D. Evidence that PR1YR and VLMH Loadings Capture Momentum and Trading Volume

Daniel and Titman (1997) suggest that firms' actual size and book-to-market equity contain more explanatory power for mean returns than do time-series estimates of factor loadings. Their results suggest that generalizations about the securities held or strategies followed by mutual funds based on time-series factor loadings might be misleading. Fama and French (1993) find that SMB and HML loadings are related to the average market capitalization and book-to-market equity on their test portfolios. Thus, I examine the information content of PR1YR and VLMH loadings by comparing the factor loadings with direct measures of momentum and trading liquidity.
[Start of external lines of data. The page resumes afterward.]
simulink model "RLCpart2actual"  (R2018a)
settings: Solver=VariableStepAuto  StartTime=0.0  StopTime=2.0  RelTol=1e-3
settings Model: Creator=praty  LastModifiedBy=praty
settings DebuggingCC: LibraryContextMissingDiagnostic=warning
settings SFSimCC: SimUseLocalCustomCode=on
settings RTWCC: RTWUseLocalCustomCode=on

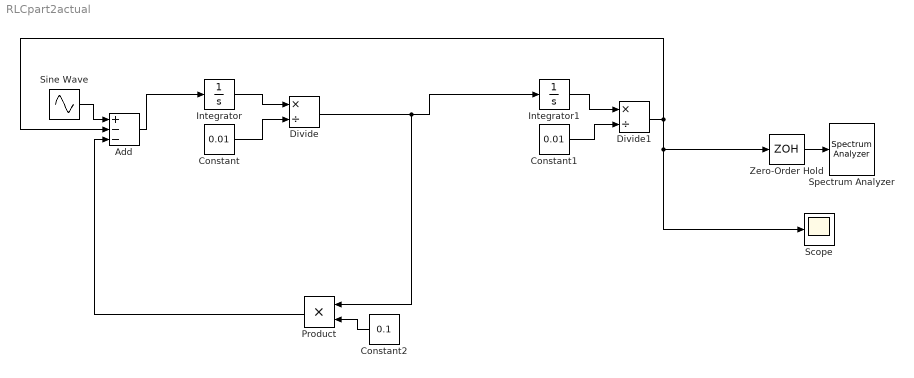
== system RLCpart2actual ==
  Add : Sum  Inputs=+--
  Constant : Constant  Value=0.01
  Constant1 : Constant  Value=0.01
  Constant2 : Constant  Value=0.1
  Divide : Product  Inputs=*/
  Divide1 : Product  Inputs=*/
  Integrator : Integrator
  Integrator1 : Integrator
  Product : Product
  Scope : Scope
  Sine Wave : Sin  SampleTime=0
  Spectrum Analyzer : SpectrumAnalyzer
  Zero-Order Hold : ZeroOrderHold  SampleTime=2^(-10)
  wires:
  Zero-Order Hold/1 -> Spectrum Analyzer/1
  Integrator/1 -> Divide/1
  Constant/1 -> Divide/2
  Integrator1/1 -> Divide1/1
  Constant1/1 -> Divide1/2
  Divide/1 -> Product/1, Integrator1/1
  Constant2/1 -> Product/2
  Add/1 -> Integrator/1
  Divide1/1 -> Scope/1, Zero-Order Hold/1, Add/2
  Product/1 -> Add/3
  Sine Wave/1 -> Add/1
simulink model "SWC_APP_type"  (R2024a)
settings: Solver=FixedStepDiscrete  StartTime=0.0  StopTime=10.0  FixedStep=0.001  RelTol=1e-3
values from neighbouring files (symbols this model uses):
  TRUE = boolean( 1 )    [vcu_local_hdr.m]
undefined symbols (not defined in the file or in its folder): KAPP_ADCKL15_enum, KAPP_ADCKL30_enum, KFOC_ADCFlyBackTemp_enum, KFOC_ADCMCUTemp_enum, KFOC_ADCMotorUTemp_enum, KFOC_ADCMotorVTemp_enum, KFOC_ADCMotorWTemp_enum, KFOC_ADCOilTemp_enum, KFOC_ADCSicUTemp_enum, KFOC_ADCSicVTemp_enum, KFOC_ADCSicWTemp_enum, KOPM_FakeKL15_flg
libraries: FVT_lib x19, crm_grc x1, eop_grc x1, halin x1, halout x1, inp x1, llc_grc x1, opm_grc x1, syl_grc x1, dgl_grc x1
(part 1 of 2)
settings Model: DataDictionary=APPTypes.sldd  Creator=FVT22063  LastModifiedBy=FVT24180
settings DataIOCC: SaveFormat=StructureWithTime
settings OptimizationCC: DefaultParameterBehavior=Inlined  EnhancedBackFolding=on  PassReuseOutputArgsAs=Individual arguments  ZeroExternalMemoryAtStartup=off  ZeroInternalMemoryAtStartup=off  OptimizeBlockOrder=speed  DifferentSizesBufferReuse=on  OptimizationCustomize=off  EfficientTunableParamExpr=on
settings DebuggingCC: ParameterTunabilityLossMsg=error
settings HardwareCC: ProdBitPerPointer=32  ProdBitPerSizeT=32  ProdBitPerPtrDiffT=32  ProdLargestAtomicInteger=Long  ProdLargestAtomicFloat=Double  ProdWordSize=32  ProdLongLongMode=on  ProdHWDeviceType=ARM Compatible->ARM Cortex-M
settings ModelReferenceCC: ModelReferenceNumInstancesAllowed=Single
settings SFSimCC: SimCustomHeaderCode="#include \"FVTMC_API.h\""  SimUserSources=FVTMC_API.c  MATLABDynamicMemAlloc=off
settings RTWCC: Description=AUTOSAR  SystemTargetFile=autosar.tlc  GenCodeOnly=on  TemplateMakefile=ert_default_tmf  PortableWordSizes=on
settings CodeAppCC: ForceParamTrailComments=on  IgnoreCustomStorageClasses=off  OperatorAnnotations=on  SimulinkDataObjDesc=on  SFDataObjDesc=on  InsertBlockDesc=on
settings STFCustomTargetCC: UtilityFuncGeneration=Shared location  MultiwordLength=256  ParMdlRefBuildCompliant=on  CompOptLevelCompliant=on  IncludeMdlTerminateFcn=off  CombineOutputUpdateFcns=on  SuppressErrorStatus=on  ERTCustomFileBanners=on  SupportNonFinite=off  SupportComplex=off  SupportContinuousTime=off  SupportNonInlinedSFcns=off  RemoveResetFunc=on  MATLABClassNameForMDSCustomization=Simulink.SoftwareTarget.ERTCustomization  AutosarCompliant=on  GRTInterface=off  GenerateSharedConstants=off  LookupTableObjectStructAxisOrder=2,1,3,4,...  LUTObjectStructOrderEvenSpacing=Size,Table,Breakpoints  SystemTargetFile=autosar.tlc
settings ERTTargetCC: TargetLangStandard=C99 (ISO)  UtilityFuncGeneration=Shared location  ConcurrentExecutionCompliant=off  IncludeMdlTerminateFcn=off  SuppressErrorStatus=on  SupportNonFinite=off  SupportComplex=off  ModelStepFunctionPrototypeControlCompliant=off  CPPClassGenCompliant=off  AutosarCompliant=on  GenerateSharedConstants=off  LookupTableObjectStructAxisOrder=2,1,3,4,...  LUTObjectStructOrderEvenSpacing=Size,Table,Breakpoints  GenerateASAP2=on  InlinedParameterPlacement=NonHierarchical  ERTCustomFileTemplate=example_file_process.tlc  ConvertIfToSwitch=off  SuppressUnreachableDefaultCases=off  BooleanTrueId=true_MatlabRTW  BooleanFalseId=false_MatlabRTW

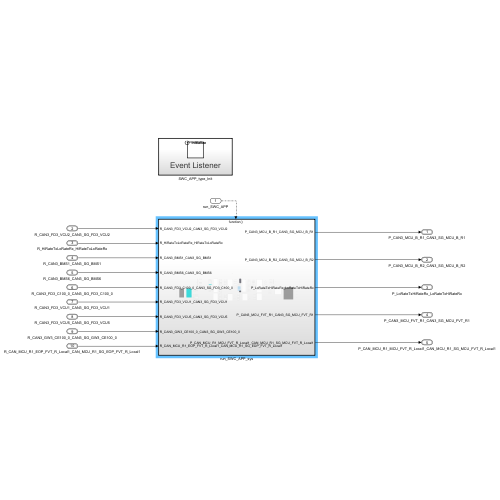
[thumbnail: Simulink's stored preview of the top-level diagram]
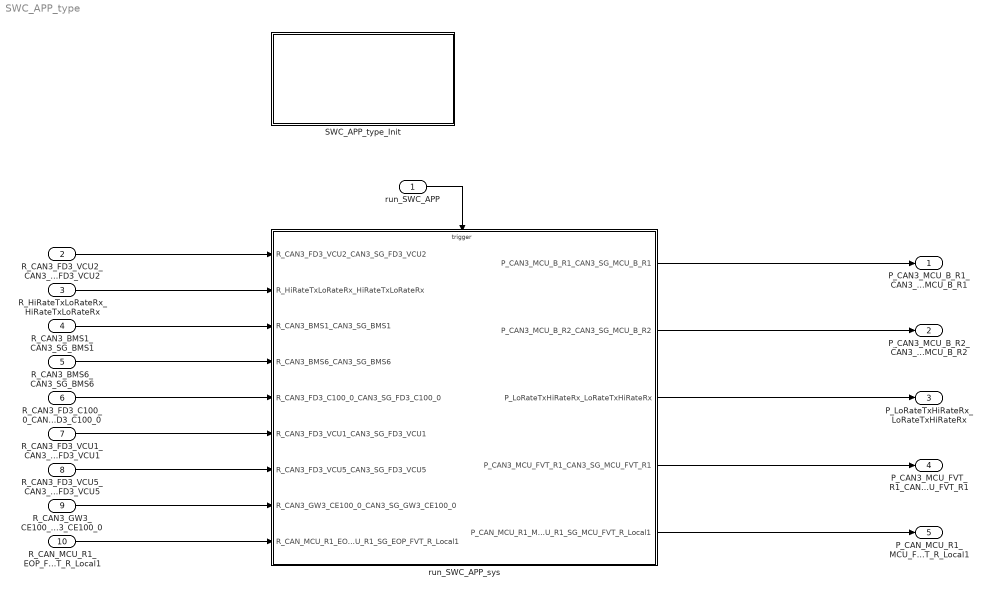
== system SWC_APP_type ==
  run_SWC_APP : Inport  SampleTime=0.001  OutputFunctionCall=on
  R_CAN3_FD3_VCU2_CAN3_SG_FD3_VCU2 : Inport  Port=2  OutDataTypeStr=Bus: DT_CAN3_SG_FD3_VCU2  PortDimensions=1  BusOutputAsStruct=on
  R_HiRateTxLoRateRx_HiRateTxLoRateRx : Inport  Port=3  OutDataTypeStr=Bus: DT_HiRateTxLoRateRx  PortDimensions=1  BusOutputAsStruct=on
  R_CAN3_BMS1_CAN3_SG_BMS1 : Inport  Port=4  OutDataTypeStr=Bus: DT_CAN3_SG_BMS1  PortDimensions=1  BusOutputAsStruct=on
  R_CAN3_BMS6_CAN3_SG_BMS6 : Inport  Port=5  OutDataTypeStr=Bus: DT_CAN3_SG_BMS6  PortDimensions=1  BusOutputAsStruct=on
  R_CAN3_FD3_C100_0_CAN3_SG_FD3_C100_0 : Inport  Port=6  OutDataTypeStr=Bus: DT_CAN3_SG_FD3_C100_0  PortDimensions=1  BusOutputAsStruct=on
  R_CAN3_FD3_VCU1_CAN3_SG_FD3_VCU1 : Inport  Port=7  OutDataTypeStr=Bus: DT_CAN3_SG_FD3_VCU1  PortDimensions=1  BusOutputAsStruct=on
  R_CAN3_FD3_VCU5_CAN3_SG_FD3_VCU5 : Inport  Port=8  OutDataTypeStr=Bus: DT_CAN3_SG_FD3_VCU5  PortDimensions=1  BusOutputAsStruct=on
  R_CAN3_GW3_CE100_0_CAN3_SG_GW3_CE100_0 : Inport  Port=9  OutDataTypeStr=Bus: DT_CAN3_SG_GW3_CE100_0  PortDimensions=1  BusOutputAsStruct=on
  R_CAN_MCU_R1_EOP_FVT_R_Local1_CAN_MCU_R1_SG_EOP_FVT_R_Local1 : Inport  Port=10  OutDataTypeStr=Bus: DT_CAN_MCU_R1_SG_EOP_FVT_R_Local1  PortDimensions=1  BusOutputAsStruct=on
  SWC_APP_type_Init : Subsystem
  run_SWC_APP_sys : Subsystem
  P_CAN3_MCU_B_R1_CAN3_SG_MCU_B_R1 : Outport  OutDataTypeStr=Bus: DT_CAN3_SG_MCU_B_R1  PortDimensions=1  BusOutputAsStruct=on
  P_CAN3_MCU_B_R2_CAN3_SG_MCU_B_R2 : Outport  Port=2  OutDataTypeStr=Bus: DT_CAN3_SG_MCU_B_R2  PortDimensions=1  BusOutputAsStruct=on
  P_LoRateTxHiRateRx_LoRateTxHiRateRx : Outport  Port=3  OutDataTypeStr=Bus: DT_LoRateTxHiRateRx  PortDimensions=1  BusOutputAsStruct=on
  P_CAN3_MCU_FVT_R1_CAN3_SG_MCU_FVT_R1 : Outport  Port=4  OutDataTypeStr=Bus: DT_CAN3_SG_MCU_FVT_R1  PortDimensions=1  BusOutputAsStruct=on
  P_CAN_MCU_R1_MCU_FVT_R_Local1_CAN_MCU_R1_SG_MCU_FVT_R_Local1 : Outport  Port=5  OutDataTypeStr=Bus: DT_CAN_MCU_R1_SG_MCU_FVT_R_Local1  PortDimensions=1  BusOutputAsStruct=on
  wires:
  R_CAN3_FD3_VCU2_CAN3_SG_FD3_VCU2/1 -> run_SWC_APP_sys/1(R_CAN3_FD3_VCU2_CAN3_SG_FD3_VCU2)
  R_HiRateTxLoRateRx_HiRateTxLoRateRx/1 -> run_SWC_APP_sys/2(R_HiRateTxLoRateRx_HiRateTxLoRateRx)
  run_SWC_APP_sys/1(P_CAN3_MCU_B_R1_CAN3_SG_MCU_B_R1) -> P_CAN3_MCU_B_R1_CAN3_SG_MCU_B_R1/1
  run_SWC_APP_sys/2(P_CAN3_MCU_B_R2_CAN3_SG_MCU_B_R2) -> P_CAN3_MCU_B_R2_CAN3_SG_MCU_B_R2/1
  run_SWC_APP_sys/3(P_LoRateTxHiRateRx_LoRateTxHiRateRx) -> P_LoRateTxHiRateRx_LoRateTxHiRateRx/1
  run_SWC_APP/1 -> run_SWC_APP_sys/Trigger
  R_CAN3_BMS1_CAN3_SG_BMS1/1 -> run_SWC_APP_sys/3(R_CAN3_BMS1_CAN3_SG_BMS1)
  R_CAN3_BMS6_CAN3_SG_BMS6/1 -> run_SWC_APP_sys/4(R_CAN3_BMS6_CAN3_SG_BMS6)
  R_CAN3_FD3_C100_0_CAN3_SG_FD3_C100_0/1 -> run_SWC_APP_sys/5(R_CAN3_FD3_C100_0_CAN3_SG_FD3_C100_0)
  R_CAN3_FD3_VCU1_CAN3_SG_FD3_VCU1/1 -> run_SWC_APP_sys/6(R_CAN3_FD3_VCU1_CAN3_SG_FD3_VCU1)
  R_CAN3_FD3_VCU5_CAN3_SG_FD3_VCU5/1 -> run_SWC_APP_sys/7(R_CAN3_FD3_VCU5_CAN3_SG_FD3_VCU5)
  R_CAN3_GW3_CE100_0_CAN3_SG_GW3_CE100_0/1 -> run_SWC_APP_sys/8(R_CAN3_GW3_CE100_0_CAN3_SG_GW3_CE100_0)
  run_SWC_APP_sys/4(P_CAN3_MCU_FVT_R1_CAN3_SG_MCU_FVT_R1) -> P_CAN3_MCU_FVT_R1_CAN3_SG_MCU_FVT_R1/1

If the factor loadings capture the liquidity and momentum of these quantitatively-managed portfo-lios, they should strongly correlate with direct measures of liquidity and momentum.

To test this hypothesis, I construct two sets of 25 value-weighted stock portfolios by sorting all NYSE, AMEX, and Nasdaq stocks first on size, and then on one-year momentum or trading volume. The patterns in VLMH loadings on the size-trading volume portfolios support my previous generalizations about the relative liquidity of stocks held by mutual funds.8 Within each size quintile, the VLMH loadings decrease in the dollar volume of trading. Since VLMH is long in low-trading-volume stocks and short in high-volume stocks, I expect this inverse relation between trading volume and VLMH loading. Further, VLMH is constructed orthogonally to the size factor, so the VLMH loading does not reveal the magnitude of trading volume, only the magnitude of trading relative to firm size. After subtracting the average trading volume for each size quintile, the correlation between trading volume and VLMH coefficients is 0.74.

I also find that PR1YR loadings are informative on the momentum of stocks in each portfolio. On the size-momentum portfolios, the PR1YR loadings are monotonic in momentum within every size quintile, and the overall correlation between momentum and factor loadings is 0.95. Thus, covariance with the PR1YR factor appears to be a relatively good indication of the momentum of the underlying stocks in a portfolio.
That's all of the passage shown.